### PROBLEM REQUIREMENTS
Print only the lines from the top of the data through the line with "[diagram v0a: schematic, before]", both included, skipping every picture.

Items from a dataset
◇ ◇ ◇ ◇

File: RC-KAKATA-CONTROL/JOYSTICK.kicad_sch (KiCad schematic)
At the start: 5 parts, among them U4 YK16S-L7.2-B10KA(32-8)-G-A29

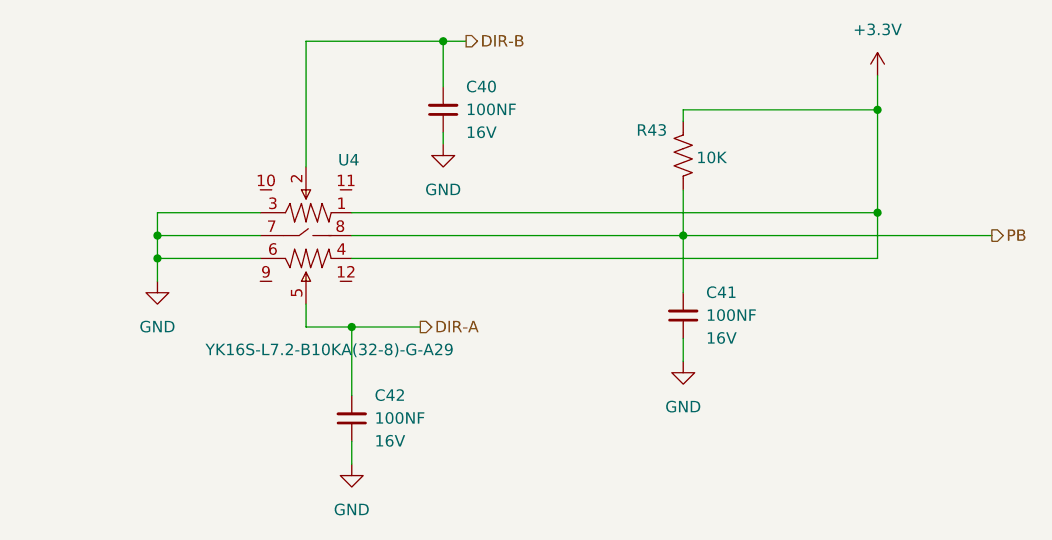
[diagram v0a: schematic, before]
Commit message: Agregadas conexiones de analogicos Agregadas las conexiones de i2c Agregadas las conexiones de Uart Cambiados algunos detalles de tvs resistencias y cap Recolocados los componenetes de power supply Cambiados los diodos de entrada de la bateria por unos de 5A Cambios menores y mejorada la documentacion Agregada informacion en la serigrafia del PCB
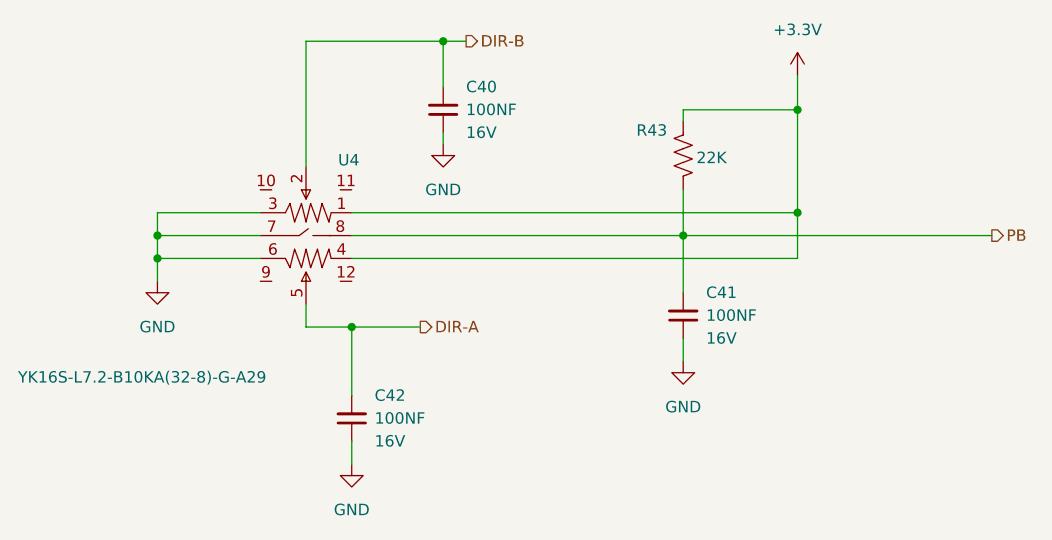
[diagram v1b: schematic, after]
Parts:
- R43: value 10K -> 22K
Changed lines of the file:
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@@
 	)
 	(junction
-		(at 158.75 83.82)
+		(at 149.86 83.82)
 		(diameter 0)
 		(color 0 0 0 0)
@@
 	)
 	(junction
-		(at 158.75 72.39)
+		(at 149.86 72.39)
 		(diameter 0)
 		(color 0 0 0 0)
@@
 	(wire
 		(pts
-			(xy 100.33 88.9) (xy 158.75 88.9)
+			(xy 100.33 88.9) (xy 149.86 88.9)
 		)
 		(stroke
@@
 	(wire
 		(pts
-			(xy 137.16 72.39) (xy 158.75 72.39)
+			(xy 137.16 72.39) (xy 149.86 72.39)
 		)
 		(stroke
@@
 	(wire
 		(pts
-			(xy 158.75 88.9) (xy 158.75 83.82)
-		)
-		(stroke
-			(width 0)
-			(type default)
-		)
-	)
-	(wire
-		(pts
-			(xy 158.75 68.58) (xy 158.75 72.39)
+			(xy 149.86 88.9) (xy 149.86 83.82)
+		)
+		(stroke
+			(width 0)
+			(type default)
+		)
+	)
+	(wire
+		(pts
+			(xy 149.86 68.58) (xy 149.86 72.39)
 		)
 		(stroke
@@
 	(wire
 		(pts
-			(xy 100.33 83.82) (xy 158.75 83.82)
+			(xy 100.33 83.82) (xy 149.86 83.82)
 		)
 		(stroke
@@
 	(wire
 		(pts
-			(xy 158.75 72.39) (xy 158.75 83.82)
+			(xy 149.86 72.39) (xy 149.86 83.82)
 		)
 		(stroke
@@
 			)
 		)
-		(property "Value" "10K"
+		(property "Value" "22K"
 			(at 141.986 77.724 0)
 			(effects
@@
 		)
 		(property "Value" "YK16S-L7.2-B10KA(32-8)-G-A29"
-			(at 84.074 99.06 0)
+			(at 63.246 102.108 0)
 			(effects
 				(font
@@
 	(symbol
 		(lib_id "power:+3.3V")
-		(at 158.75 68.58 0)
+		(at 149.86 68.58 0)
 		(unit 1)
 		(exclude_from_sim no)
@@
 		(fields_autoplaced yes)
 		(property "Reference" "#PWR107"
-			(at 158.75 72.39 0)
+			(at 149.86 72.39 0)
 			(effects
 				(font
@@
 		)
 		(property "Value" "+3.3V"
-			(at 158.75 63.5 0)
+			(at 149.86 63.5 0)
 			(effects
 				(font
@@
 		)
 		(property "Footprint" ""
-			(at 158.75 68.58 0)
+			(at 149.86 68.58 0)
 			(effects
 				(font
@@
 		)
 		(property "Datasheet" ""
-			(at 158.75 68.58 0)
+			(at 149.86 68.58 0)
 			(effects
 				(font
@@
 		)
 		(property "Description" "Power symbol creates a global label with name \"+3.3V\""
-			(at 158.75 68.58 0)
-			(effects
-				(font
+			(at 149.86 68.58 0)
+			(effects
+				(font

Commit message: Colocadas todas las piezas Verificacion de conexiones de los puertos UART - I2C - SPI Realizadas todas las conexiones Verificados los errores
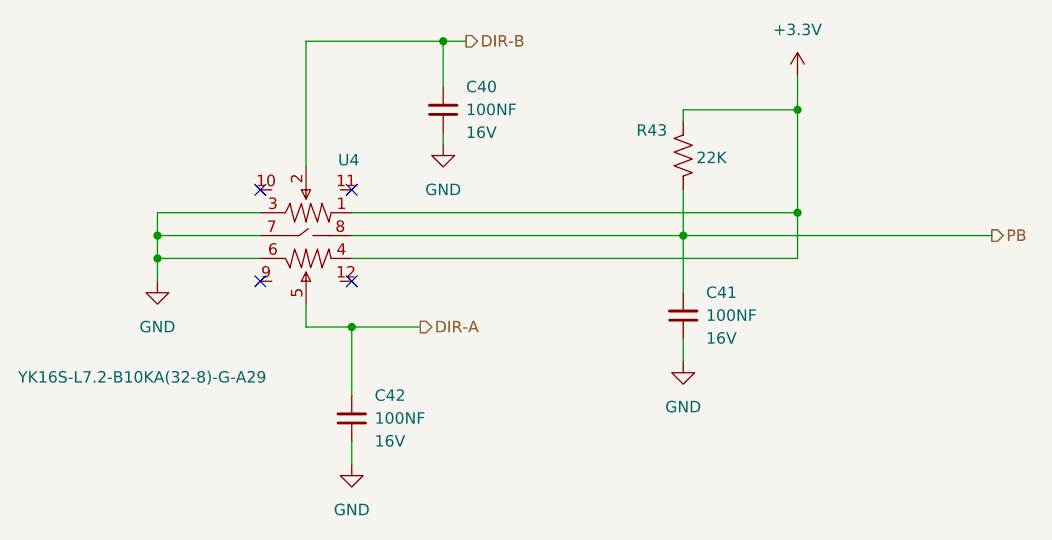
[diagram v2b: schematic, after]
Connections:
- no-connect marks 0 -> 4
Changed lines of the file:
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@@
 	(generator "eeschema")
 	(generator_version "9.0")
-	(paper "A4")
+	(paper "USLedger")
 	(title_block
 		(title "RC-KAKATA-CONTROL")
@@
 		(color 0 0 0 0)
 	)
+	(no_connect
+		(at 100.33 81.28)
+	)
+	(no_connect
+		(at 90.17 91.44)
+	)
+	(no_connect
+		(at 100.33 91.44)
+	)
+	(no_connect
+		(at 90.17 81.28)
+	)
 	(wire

◇ ◇ ◇ ◇

### SOLUTION TO THIS PROBLEM
File: RC-KAKATA-CONTROL/JOYSTICK.kicad_sch (KiCad schematic)
At the start: 5 parts, among them U4 YK16S-L7.2-B10KA(32-8)-G-A29

[diagram v0a: schematic, before]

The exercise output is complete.